→ WHAT YOU WILL DO
Quote the records exactly, starting at the first line and stopping after the line with "#5476 = DIRECTION"; skip the pictures.

→ SUPPLIED DATA

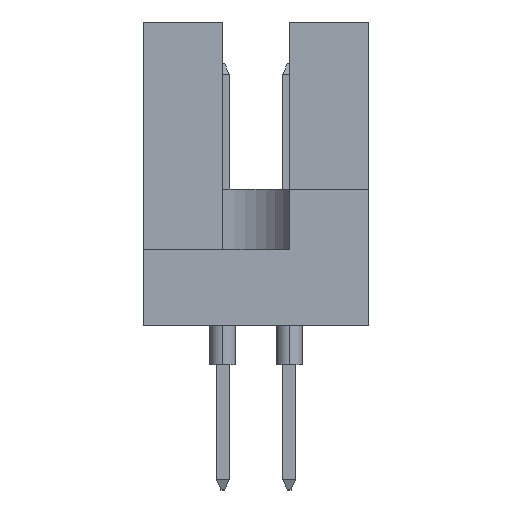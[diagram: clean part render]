
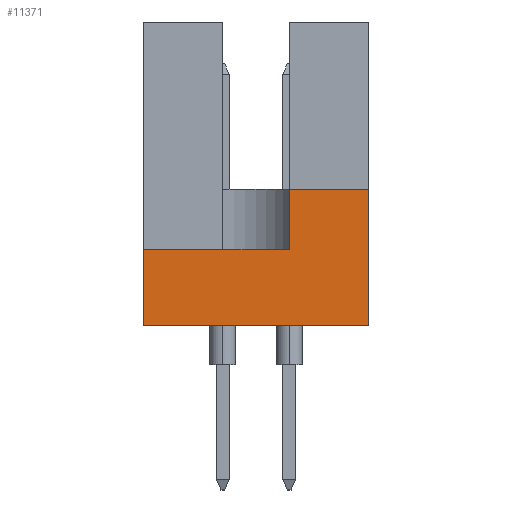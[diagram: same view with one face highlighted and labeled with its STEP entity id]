
A CAD part, left-side view. The second image highlights one B-rep face of the part: STEP entity #11371.
In plain terms, the highlighted planar face has unit normal (-1, 0, 0).
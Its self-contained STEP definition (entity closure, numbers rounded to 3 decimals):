
#55 = AXIS2_PLACEMENT_3D ( 'NONE', #2663, #5476, #9199 ) ;
#147 = LINE ( 'NONE', #11267, #6351 ) ;
#1295 = EDGE_CURVE ( 'NONE', #7953, #8501, #147, .T. ) ;
#1739 = CARTESIAN_POINT ( 'NONE',  ( -47.5, 4.3, 11.6 ) ) ;
#1863 = DIRECTION ( 'NONE',  ( 0., 0., -1. ) ) ;
#1965 = CARTESIAN_POINT ( 'NONE',  ( -47.5, 4.3, 0. ) ) ;
#2557 = VECTOR ( 'NONE', #10912, 1000. ) ;
#2595 = FACE_OUTER_BOUND ( 'NONE', #4420, .T. ) ;
#2663 = CARTESIAN_POINT ( 'NONE',  ( -47.5, 4.3, 11.6 ) ) ;
#2964 = VECTOR ( 'NONE', #3140, 1000. ) ;
#3140 = DIRECTION ( 'NONE',  ( 0., 0., -1. ) ) ;
#3683 = DIRECTION ( 'NONE',  ( 0., -1., 0. ) ) ;
#4176 = VECTOR ( 'NONE', #1863, 1000. ) ;
#4308 = CARTESIAN_POINT ( 'NONE',  ( -47.5, -1.27, 5.2 ) ) ;
#4326 = VECTOR ( 'NONE', #9995, 1000. ) ;
#4420 = EDGE_LOOP ( 'NONE', ( #9869, #11299, #9916, #11184, #10353, #7561 ) ) ;
#5476 = DIRECTION ( 'NONE',  ( 1., 0., 0. ) ) ;
#6151 = CARTESIAN_POINT ( 'NONE',  ( -47.5, -4.3, 11.6 ) ) ;
#6250 = EDGE_CURVE ( 'NONE', #11425, #9500, #7934, .T. ) ;
#6326 = LINE ( 'NONE', #6151, #2557 ) ;
#6351 = VECTOR ( 'NONE', #3683, 1000. ) ;
#6793 = CARTESIAN_POINT ( 'NONE',  ( -47.5, -4.3, 0. ) ) ;
#6928 = CARTESIAN_POINT ( 'NONE',  ( -47.5, -4.3, 5.2 ) ) ;
#7147 = LINE ( 'NONE', #9936, #4326 ) ;
#7561 = ORIENTED_EDGE ( 'NONE', *, *, #10285, .F. ) ;
#7934 = LINE ( 'NONE', #10718, #8119 ) ;
#7953 = VERTEX_POINT ( 'NONE', #1965 ) ;
#8119 = VECTOR ( 'NONE', #8664, 1000. ) ;
#8123 = CARTESIAN_POINT ( 'NONE',  ( -47.5, -1.27, 2.9 ) ) ;
#8501 = VERTEX_POINT ( 'NONE', #6793 ) ;
#8607 = LINE ( 'NONE', #8666, #2964 ) ;
#8664 = DIRECTION ( 'NONE',  ( 0., -1., 0. ) ) ;
#8666 = CARTESIAN_POINT ( 'NONE',  ( -47.5, -1.27, 19.02 ) ) ;
#8856 = CARTESIAN_POINT ( 'NONE',  ( -47.5, 4.3, 2.9 ) ) ;
#9022 = PLANE ( 'NONE',  #55 ) ;
#9144 = EDGE_CURVE ( 'NONE', #10377, #10814, #7147, .T. ) ;
#9199 = DIRECTION ( 'NONE',  ( 0., 0., -1. ) ) ;
#9267 = LINE ( 'NONE', #1739, #4176 ) ;
#9297 = EDGE_CURVE ( 'NONE', #10814, #7953, #9267, .T. ) ;
#9500 = VERTEX_POINT ( 'NONE', #6928 ) ;
#9869 = ORIENTED_EDGE ( 'NONE', *, *, #6250, .F. ) ;
#9916 = ORIENTED_EDGE ( 'NONE', *, *, #9144, .T. ) ;
#9936 = CARTESIAN_POINT ( 'NONE',  ( -47.5, 4.3, 2.9 ) ) ;
#9995 = DIRECTION ( 'NONE',  ( 0., 1., 0. ) ) ;
#10285 = EDGE_CURVE ( 'NONE', #9500, #8501, #6326, .T. ) ;
#10353 = ORIENTED_EDGE ( 'NONE', *, *, #1295, .T. ) ;
#10377 = VERTEX_POINT ( 'NONE', #8123 ) ;
#10718 = CARTESIAN_POINT ( 'NONE',  ( -47.5, 4.3, 5.2 ) ) ;
#10814 = VERTEX_POINT ( 'NONE', #8856 ) ;
#10912 = DIRECTION ( 'NONE',  ( 0., 0., -1. ) ) ;
#11184 = ORIENTED_EDGE ( 'NONE', *, *, #9297, .T. ) ;
#11267 = CARTESIAN_POINT ( 'NONE',  ( -47.5, 4.3, 0. ) ) ;
#11299 = ORIENTED_EDGE ( 'NONE', *, *, #11678, .T. ) ;
#11371 = ADVANCED_FACE ( 'NONE', ( #2595 ), #9022, .F. ) ;
#11425 = VERTEX_POINT ( 'NONE', #4308 ) ;
#11678 = EDGE_CURVE ( 'NONE', #11425, #10377, #8607, .T. ) ;

→ EXERCISE SOLUTION
[diagram: clean part render]
[diagram: same view with one face highlighted and labeled with its STEP entity id]
A CAD part, left-side view. The second image highlights one B-rep face of the part: STEP entity #11371.
In plain terms, the highlighted planar face has unit normal (-1, 0, 0).
Its self-contained STEP definition (entity closure, numbers rounded to 3 decimals):
#55 = AXIS2_PLACEMENT_3D ( 'NONE', #2663, #5476, #9199 ) ;
#147 = LINE ( 'NONE', #11267, #6351 ) ;
#1295 = EDGE_CURVE ( 'NONE', #7953, #8501, #147, .T. ) ;
#1739 = CARTESIAN_POINT ( 'NONE',  ( -47.5, 4.3, 11.6 ) ) ;
#1863 = DIRECTION ( 'NONE',  ( 0., 0., -1. ) ) ;
#1965 = CARTESIAN_POINT ( 'NONE',  ( -47.5, 4.3, 0. ) ) ;
#2557 = VECTOR ( 'NONE', #10912, 1000. ) ;
#2595 = FACE_OUTER_BOUND ( 'NONE', #4420, .T. ) ;
#2663 = CARTESIAN_POINT ( 'NONE',  ( -47.5, 4.3, 11.6 ) ) ;
#2964 = VECTOR ( 'NONE', #3140, 1000. ) ;
#3140 = DIRECTION ( 'NONE',  ( 0., 0., -1. ) ) ;
#3683 = DIRECTION ( 'NONE',  ( 0., -1., 0. ) ) ;
#4176 = VECTOR ( 'NONE', #1863, 1000. ) ;
#4308 = CARTESIAN_POINT ( 'NONE',  ( -47.5, -1.27, 5.2 ) ) ;
#4326 = VECTOR ( 'NONE', #9995, 1000. ) ;
#4420 = EDGE_LOOP ( 'NONE', ( #9869, #11299, #9916, #11184, #10353, #7561 ) ) ;
#5476 = DIRECTION ( 'NONE',  ( 1., 0., 0. ) ) ;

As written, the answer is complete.